Een fundamenteel begrip van hoe T-cellen herkennen antigenen moeten kijken naar de juiste plaats, dat wil zeggen binnen de immunologische synaps gevormd tussen de T-cel en de APC. Hier worden moleculaire bindingskinetiek niet alleen bepaald door de inherente biochemische eigenschappen van de betrokken maar interactiepartners hangen in hoge mate af van cellulaire parameters, die cellulaire krachten membraan architectuur en laterale interacties tussen membraaneiwitten en synaps-specifieke geometrische beperkingen omvatten 3. Biochemische benaderingen zijn beperkt oplossend vermogen zij noodzakelijk verstoring van ten minste één van de synaptische membranen betrokken. Om deze reden werd een FRET-gebaseerde beeldvorming methodologie ontwikkeld om toezicht te houden binding van de TCR aan antigene pMHCs 2. Hier T-cellen zijn ingericht met een recombinant en plaatsspecifiek gelabeld TcR-reactieve enkele keten antilichaam fragment (SCF V) en geconfronteerd met plan AR-glas ondersteunde lipide bilagen (SLBs), die MHC klasse II-moleculen geladen met een fluorescent gelabeld antigeen peptide, co-stimulerende moleculen en adhesie-eiwitten haven. Synaptic binding tussen kleurstof gelabelde TCR en kleurstof-gelabelde pMHC resultaten in FRET die kunnen worden bewaakt bulk en één enkel molecuul van totale interne reflectie fluorescentie (TIRF) microscopie.
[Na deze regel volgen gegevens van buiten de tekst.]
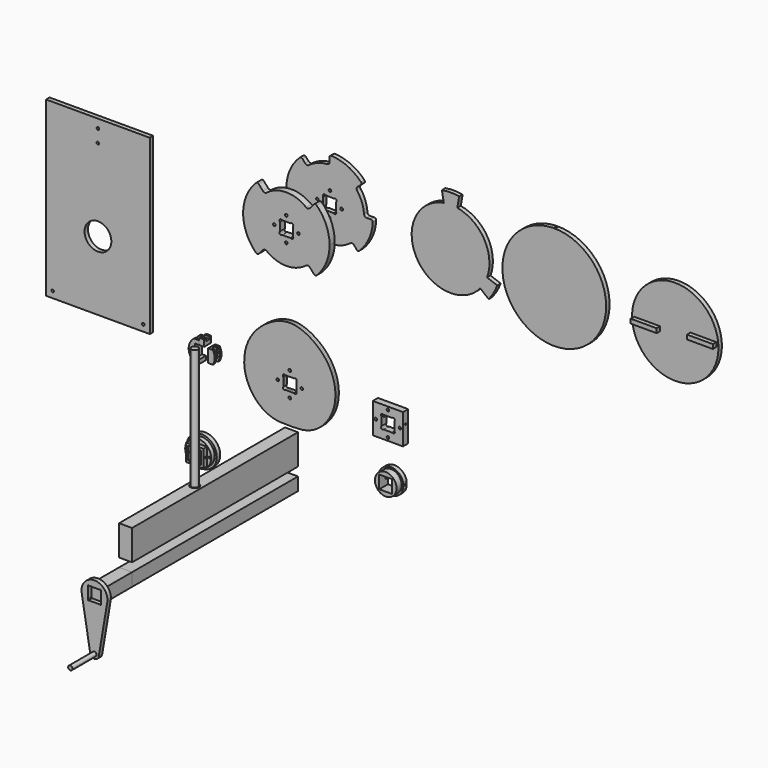
from build123d import *

# Parameters (mm, degrees)
F0_R           = 3.81
F1_DEPTH       = 6.35
F4_DEPTH       = 6.35
F5_START       = 6.35
F5_DEPTH       = 6.35
F7_W           = 304.8
F7_H           = 508
F7_R           = 3.81
F7_R_2         = 39.37
F8_DEPTH       = 12.7
F3_W           = 15.24
F3_H           = 11.7720391928
F9_DEPTH       = 12.7
F10_START      = 6.35
F10_DEPTH      = 6.35
F12_DEPTH      = 12.7
F13_START      = 6.35
F13_DEPTH      = 6.35
F16_W          = 50.8
F16_H          = 50.8
F16_W_2        = 38.1
F16_H_2        = 38.1
F17_DEPTH      = 38.1
F16_R          = 38.1
F16_R_2        = 2.54
F18_DEPTH      = 25.4
F16_R_3        = 44.45
F19_DEPTH      = 12.7
F20_R          = 2.54
F21_DEPTH      = 413.4180533997
F22_W          = 38.1
F22_H          = 38.1
F23_DEPTH      = 711.2
F24_DEPTH      = 609.6
F25_W          = 38.1
F25_H          = 88.9
F26_DEPTH      = 609.6
F27_R          = 12.7
F28_DEPTH      = 88.9
F29_R          = 9.906
F30_DEPTH      = 355.6
F31_R          = 6.35
F32_DEPTH      = 12.7
F33_DEPTH      = 101.6
F34_W          = 88.9
F34_H          = 88.9
F34_R          = 3.81
F35_DEPTH      = 19.05
F36_R          = 2.54
F37_DEPTH      = 88.901
F38_R          = 31.75
F38_W          = 38.1
F38_H          = 38.1
F39_DEPTH      = 19.05
F40_DEPTH      = 12.7
F41_R          = 2.54
F42_DEPTH      = 16.6909680899
F42_DEPTH_BACK = 69.851
F43_R          = 3.81
F44_DEPTH      = 19.05
F45_R          = 5.08
F46_R          = 7.62
F48_R          = 3.81
F49_DEPTH      = 12.7
F50_R          = 5.08
F51_R          = 7.62
F53_DEPTH      = 12.7
F52_R          = 152.4
F54_DEPTH      = 12.7
F55_R          = 127
F55_W          = 76.2
F55_H          = 12.7
F56_DEPTH      = 12.7
F57_DEPTH      = 25.4
F58_R          = 3.2004
F59_DEPTH      = 812.801


with BuildPart() as f1:
    # F0 (on Front) → F1 (new body, symmetric)
    with BuildSketch(Plane.XZ):
        with BuildLine():
            add(Edge.make_bspline(
                [(0, 158.75), (-26.6086433843, 158.75), (-79.0704218132, 134.3104484264), (-128.4996737249, 74.1730285067), (-139.4442596196, -0.6005658595), (-113.0669867076, -65.2785073639), (-60.2927148167, -107.1645221513), (0, -108.3357880752), (60.2927148167, -107.1645221513), (113.0669867076, -65.2785073639), (139.4442596196, -0.6005658595), (128.4996737249, 74.1730285067), (79.0704218132, 134.3104484264), (26.6086433843, 158.75), (0, 158.75)],
                knots=[0, 0, 0, 0, 0.0897830053, 0.177016771, 0.2617339271, 0.3438594583, 0.4233114477, 0.5, 0.5766885523, 0.6561405417, 0.7382660729, 0.822983229, 0.9102169947, 1, 1, 1, 1], degree=3))
        make_face()
        with Locations((-35.56, 0)):
            Circle(F0_R, mode=Mode.SUBTRACT)
        with Locations((0, -35.56)):
            Circle(F0_R, mode=Mode.SUBTRACT)
        with BuildLine():
            Line((12.7, -19.05), (-12.7, -19.05))
            ThreePointArc((-12.7, -19.05), (-19.05, -19.05), (-19.05, -12.7))
            Line((-19.05, -12.7), (-19.05, 12.7))
            ThreePointArc((-19.05, 12.7), (-19.05, 19.05), (-12.7, 19.05))
            Line((-12.7, 19.05), (12.7, 19.05))
            ThreePointArc((12.7, 19.05), (19.05, 19.05), (19.05, 12.7))
            Line((19.05, 12.7), (19.05, -12.7))
            ThreePointArc((19.05, -12.7), (19.05, -19.05), (12.7, -19.05))
        make_face(mode=Mode.SUBTRACT)
        with Locations((35.56, 0)):
            Circle(F0_R, mode=Mode.SUBTRACT)
        with Locations((0, 35.56)):
            Circle(F0_R, mode=Mode.SUBTRACT)
    extrude(amount=F1_DEPTH, both=True)


with BuildPart() as f4:
    # F3 (on Front) → F4 (new body)
    with BuildSketch(Plane.XZ):
        with BuildLine():
            Line((-261.62, 19.05), (-261.62, 30.8220391928))
            ThreePointArc((-261.62, 30.8220391928), (-285.75, 0), (-261.62, -30.8220391928))
            Line((-261.62, -30.8220391928), (-261.62, -19.05))
            Line((-261.62, -19.05), (-273.05, -19.05))
            Line((-273.05, -19.05), (-273.05, 19.05))
            Line((-273.05, 19.05), (-261.62, 19.05))
        make_face()
    extrude(amount=F4_DEPTH)

    # F3 (on Front) → F5 (join)
    with BuildSketch(Plane.XZ.offset(F5_START)):
        with BuildLine():
            ThreePointArc((-261.62, -30.8220391928), (-285.75, 0), (-261.62, 30.8220391928))
            Line((-261.62, 30.8220391928), (-276.3966939525, 30.8220391928))
            ThreePointArc((-276.3966939525, 30.8220391928), (-292.1, 0), (-276.3966939525, -30.8220391928))
            Line((-276.3966939525, -30.8220391928), (-261.62, -30.8220391928))
        make_face()
        with BuildLine():
            Line((-261.62, 19.05), (-261.62, 30.8220391928))
            ThreePointArc((-261.62, 30.8220391928), (-285.75, 0), (-261.62, -30.8220391928))
            Line((-261.62, -30.8220391928), (-261.62, -19.05))
            Line((-261.62, -19.05), (-273.05, -19.05))
            Line((-273.05, -19.05), (-273.05, 19.05))
            Line((-273.05, 19.05), (-261.62, 19.05))
        make_face()
    extrude(amount=F5_DEPTH)

    # F6: F4 across plane


with BuildPart() as f4_1:
    add(f4.part)
    add(f4.part.mirror(Plane.XZ))


with BuildPart() as f8:
    # F7 (on Front) → F8 (new body)
    with BuildSketch(Plane.XZ):
        with Locations((-558.8, 254)):
            Rectangle(F7_W, F7_H)
        with Locations((-692.15, 19.05)):
            Circle(F7_R, mode=Mode.SUBTRACT)
        with Locations((-425.45, 19.05)):
            Circle(F7_R, mode=Mode.SUBTRACT)
        with Locations((-558.8, 203.2)):
            Circle(F7_R_2, mode=Mode.SUBTRACT)
        with Locations((-558.8, 444.5)):
            Circle(F7_R, mode=Mode.SUBTRACT)
        with Locations((-558.8, 482.6)):
            Circle(F7_R, mode=Mode.SUBTRACT)
    extrude(amount=F8_DEPTH)


with BuildPart() as f9:
    # F3 (on Front) → F9 (new body)
    with BuildSketch(Plane.XZ):
        with Locations((-254, 24.9360195964)):
            Rectangle(F3_W, F3_H)
        with BuildLine():
            Line((-261.62, 30.8220391928), (-246.38, 30.8220391928))
            ThreePointArc((-246.38, 30.8220391928), (-254, 31.75), (-261.62, 30.8220391928))
        make_face()
    extrude(amount=F9_DEPTH)

    # F3 (on Front) → F10 (join)
    with BuildSketch(Plane.XZ.offset(F10_START)):
        with BuildLine():
            Line((-246.38, 30.8220391928), (-246.38, 37.33022368))
            ThreePointArc((-246.38, 37.33022368), (-254, 38.1), (-261.62, 37.33022368))
            Line((-261.62, 37.33022368), (-261.62, 30.8220391928))
            ThreePointArc((-261.62, 30.8220391928), (-254, 31.75), (-246.38, 30.8220391928))
        make_face()
    extrude(amount=F10_DEPTH)

    # F11: F9 across plane


with BuildPart() as f9_1:
    add(f9.part)
    add(f9.part.mirror(Plane.XZ))


with BuildPart() as f12:
    # F3 (on Front) → F12 (new body)
    with BuildSketch(Plane.XZ):
        with BuildLine():
            ThreePointArc((-222.25, 0), (-223.8793052869, 10.040231571), (-228.6, 19.05))
            Line((-228.6, 19.05), (-234.95, 19.05))
            Line((-234.95, 19.05), (-234.95, -19.05))
            Line((-234.95, -19.05), (-228.6, -19.05))
            ThreePointArc((-228.6, -19.05), (-223.8793052869, -10.040231571), (-222.25, 0))
        make_face()
    extrude(amount=F12_DEPTH)

    # F3 (on Front) → F13 (join)
    with BuildSketch(Plane.XZ.offset(F13_START)):
        with BuildLine():
            ThreePointArc((-221.0044321158, -19.05), (-217.1982260184, -9.8610056184), (-215.9, 0))
            ThreePointArc((-215.9, 0), (-217.1982260184, 9.8610056184), (-221.0044321158, 19.05))
            Line((-221.0044321158, 19.05), (-228.6, 19.05))
            ThreePointArc((-228.6, 19.05), (-223.8793052869, 10.040231571), (-222.25, 0))
            ThreePointArc((-222.25, 0), (-223.8793052869, -10.040231571), (-228.6, -19.05))
            Line((-228.6, -19.05), (-221.0044321158, -19.05))
        make_face()
    extrude(amount=F13_DEPTH)

    # F14: F12 across plane


with BuildPart() as f12_1:
    add(f12.part)
    add(f12.part.mirror(Plane.XZ))


with BuildPart() as f17:
    # F16 (on Front) → F17 (new body)
    with BuildSketch(Plane.XZ):
        with Locations((-254, -254)):
            Rectangle(F16_W, F16_H)
        with Locations((-254, -254)):
            Rectangle(F16_W_2, F16_H_2, mode=Mode.SUBTRACT)
    extrude(amount=F17_DEPTH)

    # F16 (on Front) → F18 (join)
    with BuildSketch(Plane.XZ):
        with Locations((-254, -254)):
            Circle(F16_R)
        with Locations((-254, -287.02)):
            Circle(F16_R_2, mode=Mode.SUBTRACT)
        with Locations((-287.02, -254)):
            Circle(F16_R_2, mode=Mode.SUBTRACT)
        with Locations((-254, -254)):
            Rectangle(F16_W, F16_H, mode=Mode.SUBTRACT)
        with Locations((-220.98, -254)):
            Circle(F16_R_2, mode=Mode.SUBTRACT)
        with Locations((-254, -220.98)):
            Circle(F16_R_2, mode=Mode.SUBTRACT)
    extrude(amount=F18_DEPTH)

    # F16 (on Front) → F19 (join)
    with BuildSketch(Plane.XZ):
        with Locations((-254, -254)):
            Circle(F16_R_3)
        with Locations((-254, -254)):
            Circle(F16_R, mode=Mode.SUBTRACT)
    extrude(amount=F19_DEPTH)

    # F20 (on face) → F21 (cut, through all)
    with BuildSketch(Plane(origin=(-279.4, 0, 0), x_dir=(0, -1, 0), z_dir=(-1, 0, 0))):
        with Locations((31.75, -254)):
            Circle(F20_R)
    extrude(amount=-F21_DEPTH, mode=Mode.SUBTRACT)


with BuildPart() as f23:
    # F22 (on Front) → F23 (new body)
    with BuildSketch(Plane.XZ):
        with Locations((0, -254)):
            Rectangle(F22_W, F22_H)
    extrude(amount=F23_DEPTH)


with BuildPart() as f24:
    # F22 (on Front) → F24 (new body)
    with BuildSketch(Plane.XZ):
        with Locations((0, -254)):
            Rectangle(F22_W, F22_H)
    extrude(amount=F24_DEPTH)


with BuildPart() as f26:
    # F25 (on Front) → F26 (new body)
    with BuildSketch(Plane.XZ):
        with Locations((0, -165.1)):
            Rectangle(F25_W, F25_H)
    extrude(amount=F26_DEPTH)

    # F27 (on face) → F28 (cut, through all)
    with BuildSketch(Plane.XY.offset(-120.65)):
        with Locations((0, -355.6)):
            Circle(F27_R)
    extrude(amount=-F28_DEPTH, mode=Mode.SUBTRACT)


with BuildPart() as f30:
    # F29 (on face) → F30 (new body)
    with BuildSketch(Plane.XY.offset(-120.65)):
        with Locations((0, -355.6)):
            Circle(F29_R)
    extrude(amount=F30_DEPTH)


with BuildPart() as f32:
    # F31 (on face) → F32 (new body)
    with BuildSketch(Plane.XZ.offset(711.2)):
        with BuildLine():
            ThreePointArc((37.5671066227, -260.35), (0, -292.1), (-37.5671066227, -260.35))
            Line((-37.5671066227, -260.35), (-12.5223688742, -408.5166666667))
            ThreePointArc((-12.5223688742, -408.5166666667), (-1.0620535056, -393.7444856939), (12.7, -406.4))
            ThreePointArc((12.7, -406.4), (12.6555143061, -407.4620535056), (12.5223688742, -408.5166666667))
            Line((12.5223688742, -408.5166666667), (37.5671066227, -260.35))
        make_face()
        with BuildLine():
            ThreePointArc((12.7, -406.4), (-1.0620535056, -393.7444856939), (-12.5223688742, -408.5166666667))
            ThreePointArc((-12.5223688742, -408.5166666667), (0, -419.1), (12.5223688742, -408.5166666667))
            ThreePointArc((12.5223688742, -408.5166666667), (12.6555143061, -407.4620535056), (12.7, -406.4))
        make_face()
        with Locations((0, -406.4)):
            Circle(F31_R, mode=Mode.SUBTRACT)
        with BuildLine():
            ThreePointArc((37.5671066227, -260.35), (37.9665429182, -257.1861605167), (38.1, -254))
            ThreePointArc((38.1, -254), (-3.1861605167, -216.0334570818), (-37.5671066227, -260.35))
            ThreePointArc((-37.5671066227, -260.35), (0, -292.1), (37.5671066227, -260.35))
        make_face()
        with BuildLine():
            ThreePointArc((-19.05, -234.95), (-17.4625, -234.2924359697), (-15.875, -234.95))
            Line((-15.875, -234.95), (15.875, -234.95))
            ThreePointArc((15.875, -234.95), (17.4625, -234.2924359697), (19.05, -234.95))
            ThreePointArc((19.05, -234.95), (19.7075640303, -236.5375), (19.05, -238.125))
            Line((19.05, -238.125), (19.05, -269.875))
            ThreePointArc((19.05, -269.875), (19.7075640303, -271.4625), (19.05, -273.05))
            ThreePointArc((19.05, -273.05), (17.4625, -273.7075640303), (15.875, -273.05))
            Line((15.875, -273.05), (-15.875, -273.05))
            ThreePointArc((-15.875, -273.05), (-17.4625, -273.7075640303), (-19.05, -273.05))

In dit artikel wordt uitgelegd in detail hoe SLBs te gebruiken voor het testen van T-cel synapsen, controleren hun integriteit door middel van een functioneel T-cel calcium-flux test gedrag FRET metingen in bulk en met 'single molecule gevoeligheid, en de verkregen gegevens te analyseren. Aanbevelingen worden aangeboden aan het produceren van goed gelijkvormig eiwitten die nodig zijn voor tweelaags functionalisering. Voor meer specifieke informatie over dubbellaagsformatie en instellen van een geschikt TIRF microscoop wordt verwezen naar een extra toegang van het publiek Jupiter publicatie terug gepubliceerd aan rug 4.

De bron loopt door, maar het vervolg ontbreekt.